(Stored records)
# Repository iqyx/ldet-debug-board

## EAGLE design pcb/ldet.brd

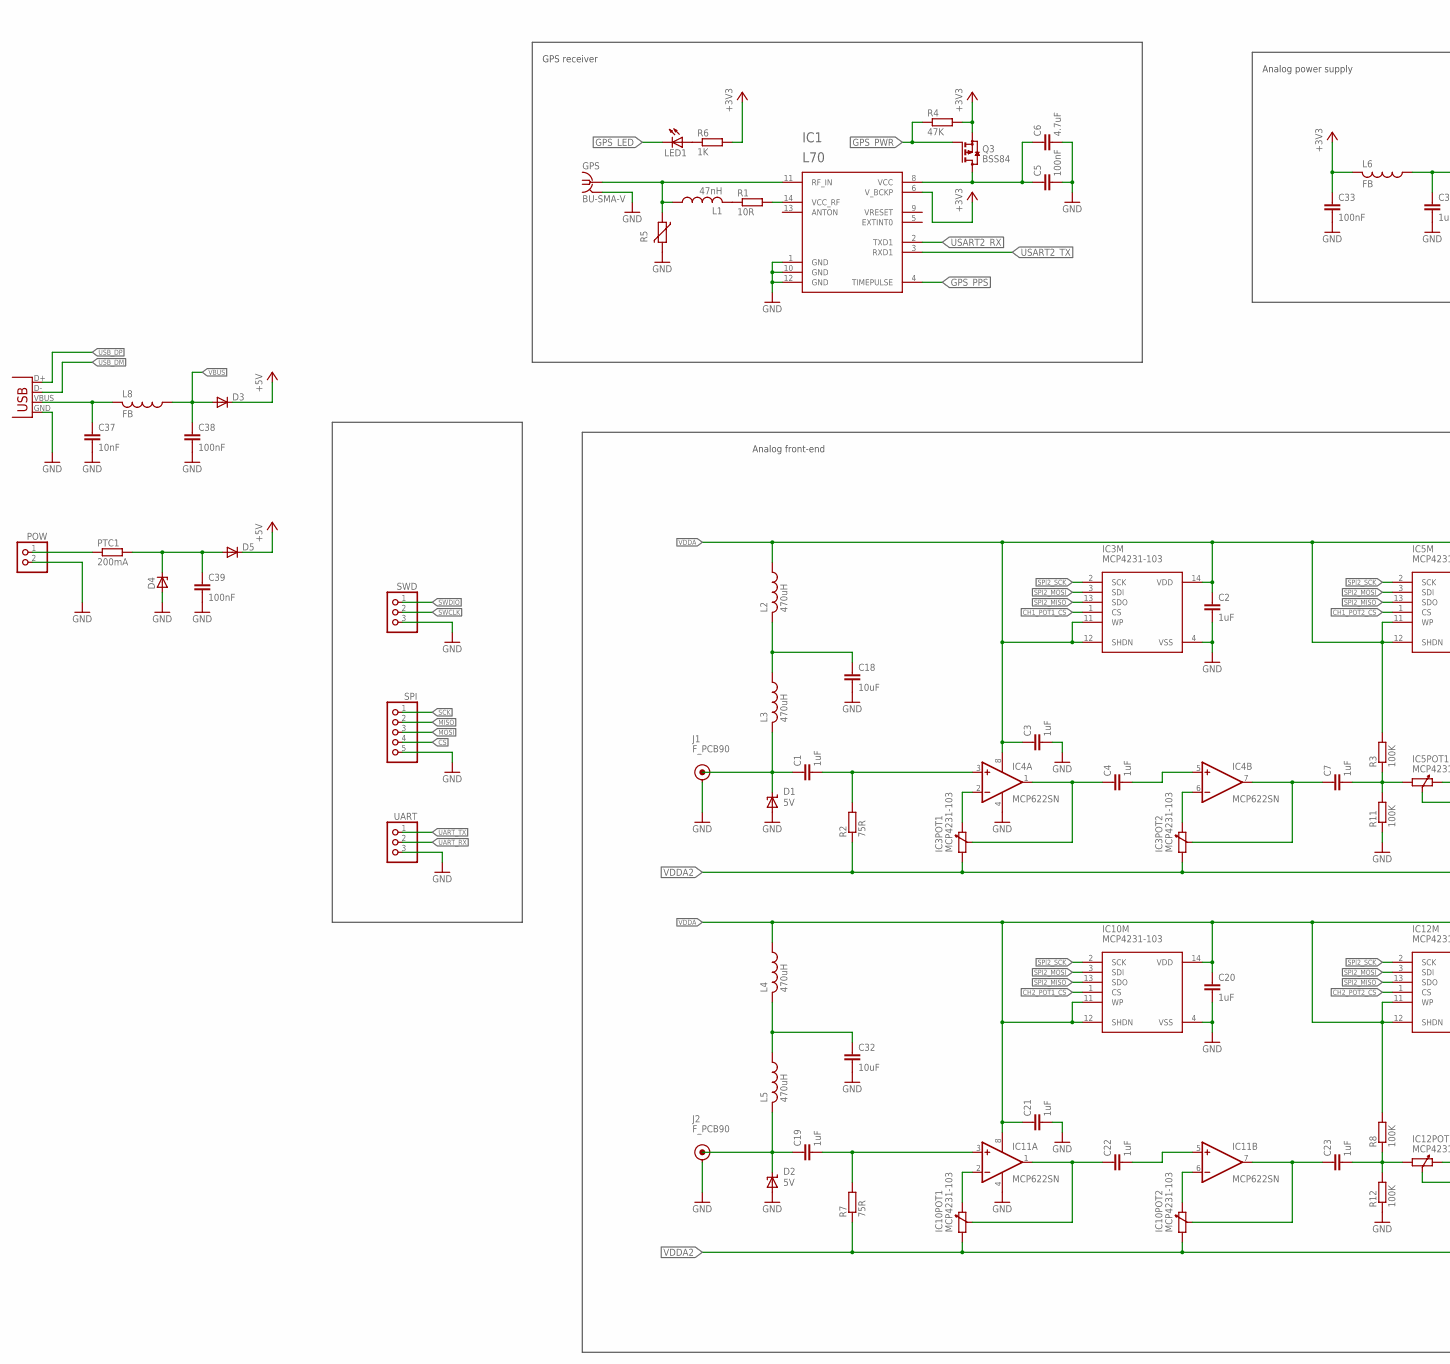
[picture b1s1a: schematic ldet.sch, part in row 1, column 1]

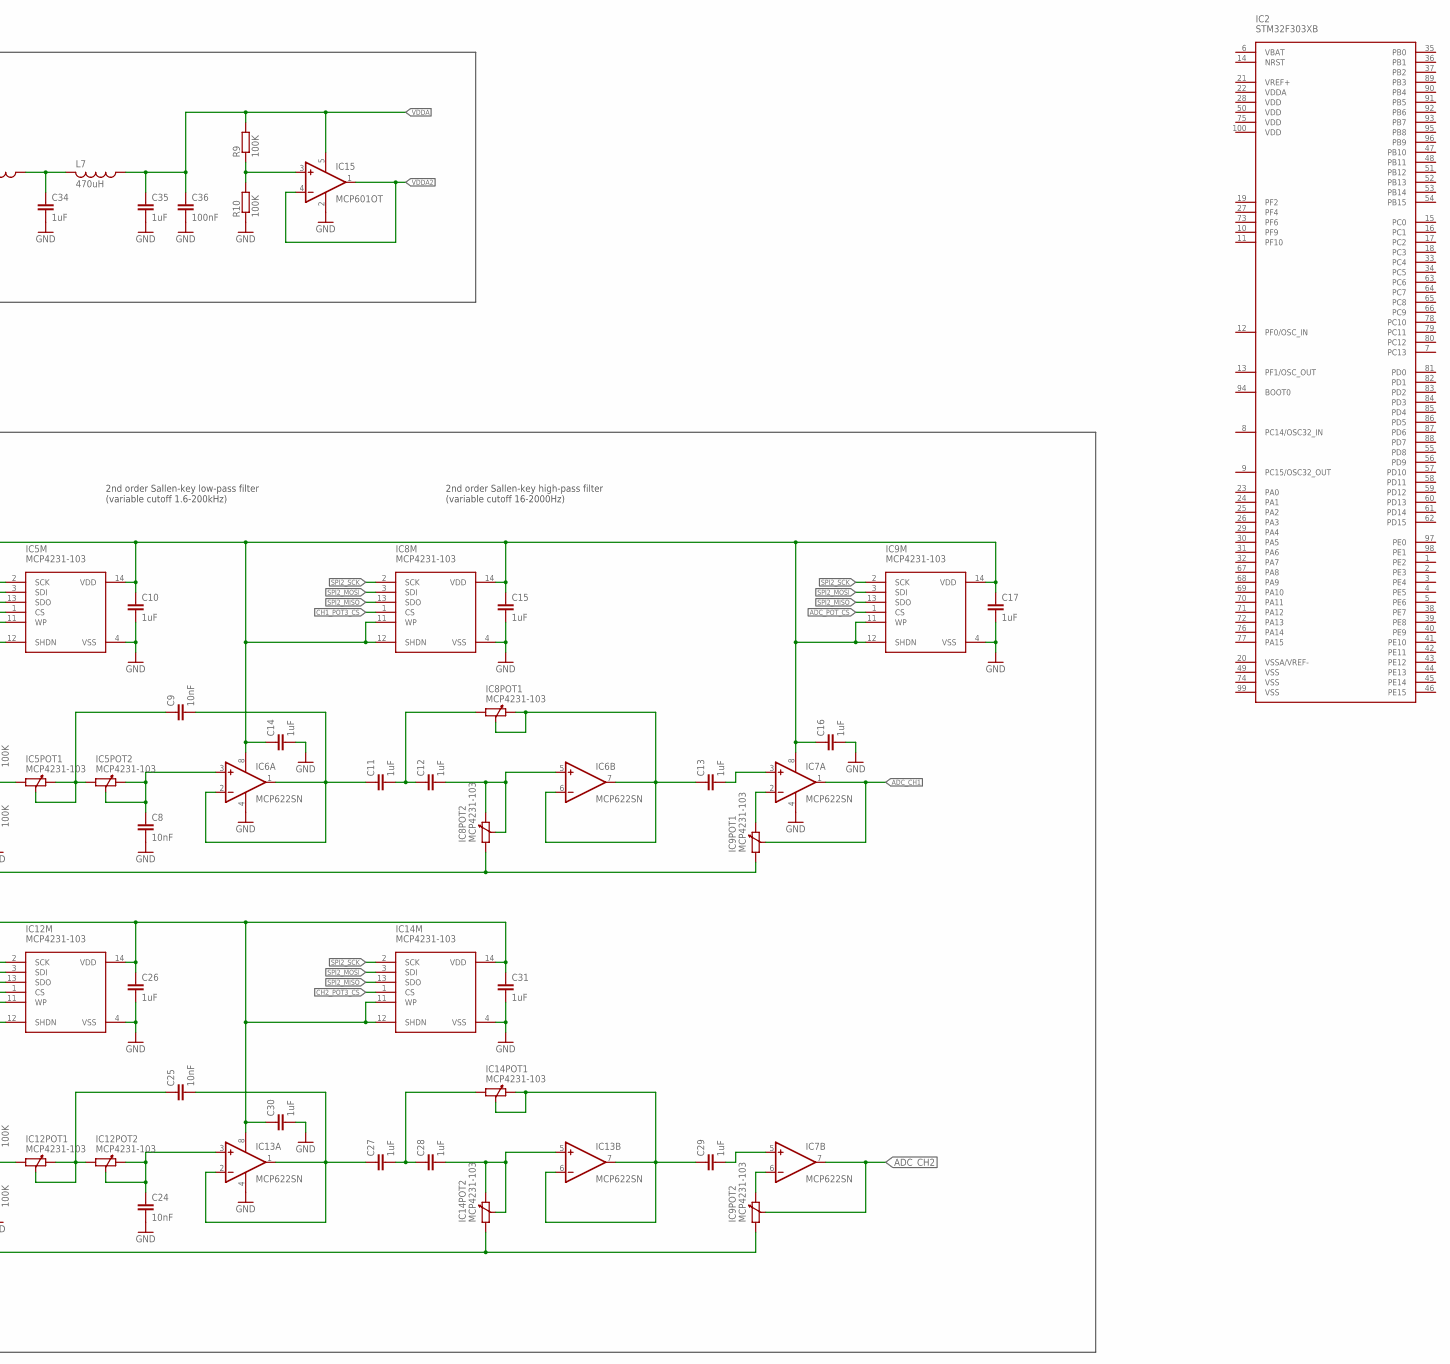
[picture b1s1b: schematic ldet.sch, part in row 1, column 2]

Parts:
C1, C2, C3, C4, C7, C10, C11, C12, C13, C14, C15, C16, C17, C19, C20, C21, C22, C23, C26, C27, C28, C29, C30, C31, C34, C35: 1uF; C0603
C5, C33, C36, C38, C39: 100nF; C0603
C6: 4.7uF; C0805
C8, C9, C24, C25, C37: 10nF; C0603
C18, C32: 10uF; C1206
D1, D2: 5V; SMBJ
D3, D5: DIODE-SOD123; SOD123
D4: ZENER-DIODESMB; SMB
GPS: BU-SMA-V
IC1: L70
IC2: STM32F303XB; TQFP100
IC3, IC5, IC8, IC9, IC10, IC12, IC14: MCP4231-103; SO14
IC4, IC6, IC7, IC11, IC13: MCP622SN; SO08
IC15: MCP601OT; SOT23-5
J1, J2: F_PCB90; F_PCB_90
L1: 47nH; L2012C
L2, L3, L4, L5, L7: 470uH; L3225M; MPN LQH32CN471K23L
L6, L8: FB; L2012C; MPN LQH32CN471K23L
LED1: LEDCHIP-LED0603; CHIP-LED0603
POW: PINHD-1X2; 1X02
PTC1: 200mA; R3225
Q3: BSS84; SOT23
R1: 10R; R0603
R2, R7: 75R; R0603
R3, R8, R9, R10, R11, R12: 100K; R0603
R4: 47K; R0603
R5: VARISTORCN0805; CT/CN0805
R6: 1K; R0603
SPI: PINHD-1X5; 1X05
SWD: PINHD-1X3; 1X03
UART: PINHD-1X3; 1X03
X1: USBPTH; USB-B-PTH

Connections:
+3V3: C33.1, IC1.6 (V_BCKP), L6.2, Q3.2 (S), R4.2, R6.2
+5V: D3.C, D5.C
ADC_CH1: IC7.1 (OUT), IC9.6 (W)
ADC_CH2: IC7.7 (OUT), IC9.9 (W)
ADC_POT_CS: IC9.1 (CS)
CH1_IN: C1.1, D1.C, J1.C (CENTER), L3.2
CH1_POT1_CS: IC3.1 (CS)
CH1_POT2_CS: IC5.1 (CS)
CH1_POT3_CS: IC8.1 (CS)
CH2_IN: C19.1, D2.C, J2.C (CENTER), L5.2
CH2_POT1_CS: IC10.1 (CS)
CH2_POT2_CS: IC12.1 (CS)
CH2_POT3_CS: IC14.1 (CS)
CS: SPI.4
GND: C2.2, C3.2, C5.2, C6.2, C8.2, C10.2, C14.2, C15.2, C16.2, C17.2, C18.2, C20.2, C21.2, C24.2, C26.2, C30.2, C31.2, C32.2, C33.2, C34.2, C35.2, C36.2, C37.2, C38.2, C39.2, D1.A, D2.A, D4.A, GPS.2, GPS.3 (2), GPS.4 (2), GPS.5 (2), IC1.1 (GND), IC1.10 (GND), IC1.12 (GND), IC3.4 (VSS), IC4.4 (V-), IC5.4 (VSS), IC6.4 (V-), IC7.4 (V-), IC8.4 (VSS), IC9.4 (VSS), IC10.4 (VSS), IC11.4 (V-), IC12.4 (VSS), IC13.4 (V-), IC14.4 (VSS), IC15.2 (V-), J1.S1 (SHIELD), J1.S2 (SHIELD), J1.S3 (SHIELD), J1.S4 (SHIELD), J2.S1 (SHIELD), J2.S2 (SHIELD), J2.S3 (SHIELD), J2.S4 (SHIELD), POW.2, R5.2, R10.1, R11.1, R12.1, SPI.5, SWD.3, UART.3, X1.GND
GPS_LED: LED1.C
GPS_PPS: IC1.4 (TIMEPULSE)
GPS_PWR: Q3.1 (G), R4.1
MISO: SPI.2
MOSI: SPI.3
unnamed: C1.2, IC4.3 (+IN), R2.2
unnamed: IC3.5 (B), IC4.2 (-IN)
unnamed: L1.2, R1.1
unnamed: GPS.1, IC1.11 (RF_IN), L1.1, R5.1
unnamed: IC1.14 (VCC_RF), R1.2
unnamed: C4.1, IC3.6 (W), IC4.1 (OUT)
unnamed: LED1.A, R6.1
unnamed: C5.1, C6.1, IC1.8 (VCC), Q3.3 (D)
unnamed: C4.2, IC4.5 (+IN)
unnamed: C7.1, IC3.9 (W), IC4.7 (OUT)
unnamed: IC3.10 (B), IC4.6 (-IN)
unnamed: C7.2, IC5.7 (A), R3.1, R11.2
unnamed: C9.1, IC5.5 (B), IC5.6 (W), IC5.8 (A)
unnamed: C8.1, IC5.9 (W), IC5.10 (B), IC6.3 (+IN)
unnamed: C9.2, C11.1, IC6.1 (OUT), IC6.2 (-IN)
unnamed: C11.2, C12.1, IC8.7 (A)
unnamed: C12.2, IC6.5 (+IN), IC8.9 (W), IC8.10 (B)
unnamed: C13.1, IC6.6 (-IN), IC6.7 (OUT), IC8.5 (B), IC8.6 (W)
unnamed: IC7.2 (-IN), IC9.5 (B)
unnamed: C13.2, IC7.3 (+IN)
unnamed: C18.1, L2.2, L3.1
unnamed: C19.2, IC11.3 (+IN), R7.2
unnamed: IC10.5 (B), IC11.2 (-IN)
unnamed: C22.1, IC10.6 (W), IC11.1 (OUT)
unnamed: C22.2, IC11.5 (+IN)
unnamed: C23.1, IC10.9 (W), IC11.7 (OUT)
unnamed: IC10.10 (B), IC11.6 (-IN)
unnamed: C23.2, IC12.7 (A), R8.1, R12.2
unnamed: C25.1, IC12.5 (B), IC12.6 (W), IC12.8 (A)
unnamed: C24.1, IC12.9 (W), IC12.10 (B), IC13.3 (+IN)
unnamed: C25.2, C27.1, IC13.1 (OUT), IC13.2 (-IN)
unnamed: C27.2, C28.1, IC14.7 (A)
unnamed: C28.2, IC13.5 (+IN), IC14.9 (W), IC14.10 (B)
unnamed: C29.1, IC13.6 (-IN), IC13.7 (OUT), IC14.5 (B), IC14.6 (W)
unnamed: C29.2, IC7.5 (+IN)
unnamed: C32.1, L4.2, L5.1
unnamed: IC7.6 (-IN), IC9.10 (B)
unnamed: C34.1, L6.1, L7.2
unnamed: C37.1, L8.2, X1.VBUS
unnamed: IC15.3 (+IN), R9.1, R10.2
unnamed: POW.1, PTC1.1
unnamed: C39.1, D4.C, D5.A, PTC1.2
SCK: SPI.1
SPI2_MISO: IC3.13 (SDO), IC5.13 (SDO), IC8.13 (SDO), IC9.13 (SDO), IC10.13 (SDO), IC12.13 (SDO), IC14.13 (SDO)
SPI2_MOSI: IC3.3 (SDI), IC5.3 (SDI), IC8.3 (SDI), IC9.3 (SDI), IC10.3 (SDI), IC12.3 (SDI), IC14.3 (SDI)
SPI2_SCK: IC3.2 (SCK), IC5.2 (SCK), IC8.2 (SCK), IC9.2 (SCK), IC10.2 (SCK), IC12.2 (SCK), IC14.2 (SCK)
SWCLK: SWD.2
SWDIO: SWD.1
UART_RX: UART.2
UART_TX: UART.1
USART2_RX: IC1.2 (TXD1)
USART2_TX: IC1.3 (RXD1)
USB_DM: X1.D-
USB_DP: X1.D+
VBUS: C38.1, D3.A, L8.1
VDDA: C2.1, C3.1, C10.1, C14.1, C15.1, C16.1, C17.1, C20.1, C21.1, C26.1, C30.1, C31.1, C35.1, C36.1, IC3.11 (WP), IC3.12 (SHDN), IC3.14 (VDD), IC4.8 (V+), IC5.11 (WP), IC5.12 (SHDN), IC5.14 (VDD), IC6.8 (V+), IC7.8 (V+), IC8.11 (WP), IC8.12 (SHDN), IC8.14 (VDD), IC9.11 (WP), IC9.12 (SHDN), IC9.14 (VDD), IC10.11 (WP), IC10.12 (SHDN), IC10.14 (VDD), IC11.8 (V+), IC12.11 (WP), IC12.12 (SHDN), IC12.14 (VDD), IC13.8 (V+), IC14.11 (WP), IC14.12 (SHDN), IC14.14 (VDD), IC15.5 (V+), L2.1, L4.1, L7.1, R3.2, R8.2, R9.2
VDDA2: IC3.7 (A), IC3.8 (A), IC8.8 (A), IC9.7 (A), IC9.8 (A), IC10.7 (A), IC10.8 (A), IC14.8 (A), IC15.1 (OUT), IC15.4 (-IN), R2.1, R7.1

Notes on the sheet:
GPS receiver
2nd order Sallen-key low-pass filter (variable cutoff 1.6-200kHz)
2nd order Sallen-key high-pass filter (variable cutoff 16-2000Hz)
Analog front-end
Analog power supply

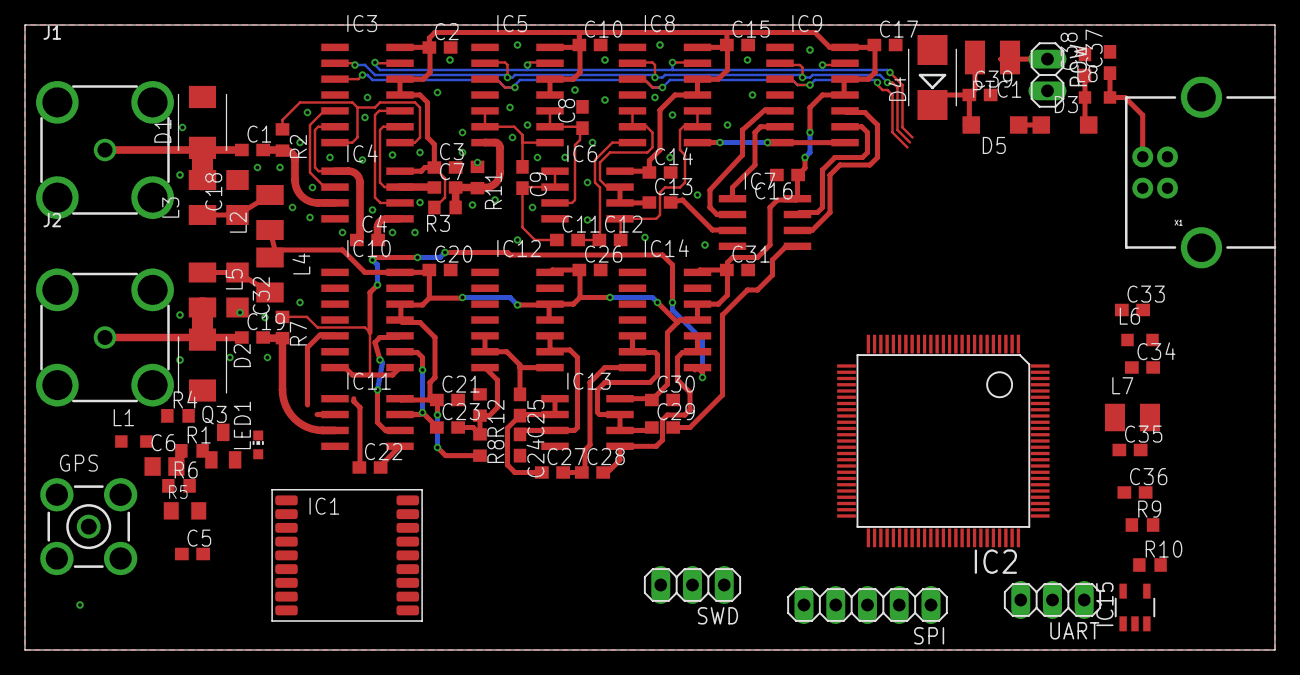
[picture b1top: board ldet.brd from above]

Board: 2 copper layers, 100.0 x 50.0 mm, 90 parts (0 on the bottom side), 56 nets.

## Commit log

2016-08-16 Add .gitignore file
2016-08-16 Draw schematic of the analog frontend

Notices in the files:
parts and their libraries:
SparkFun: Licensing: CC v3.0 Share-Alike You are welcome to use this library for commercial purposes.

### The task:
Go through the entries and copy every line that has "PINHD".

### Exercise response:
POW: PINHD-1X2; 1X02
SPI: PINHD-1X5; 1X05
SWD: PINHD-1X3; 1X03
UART: PINHD-1X3; 1X03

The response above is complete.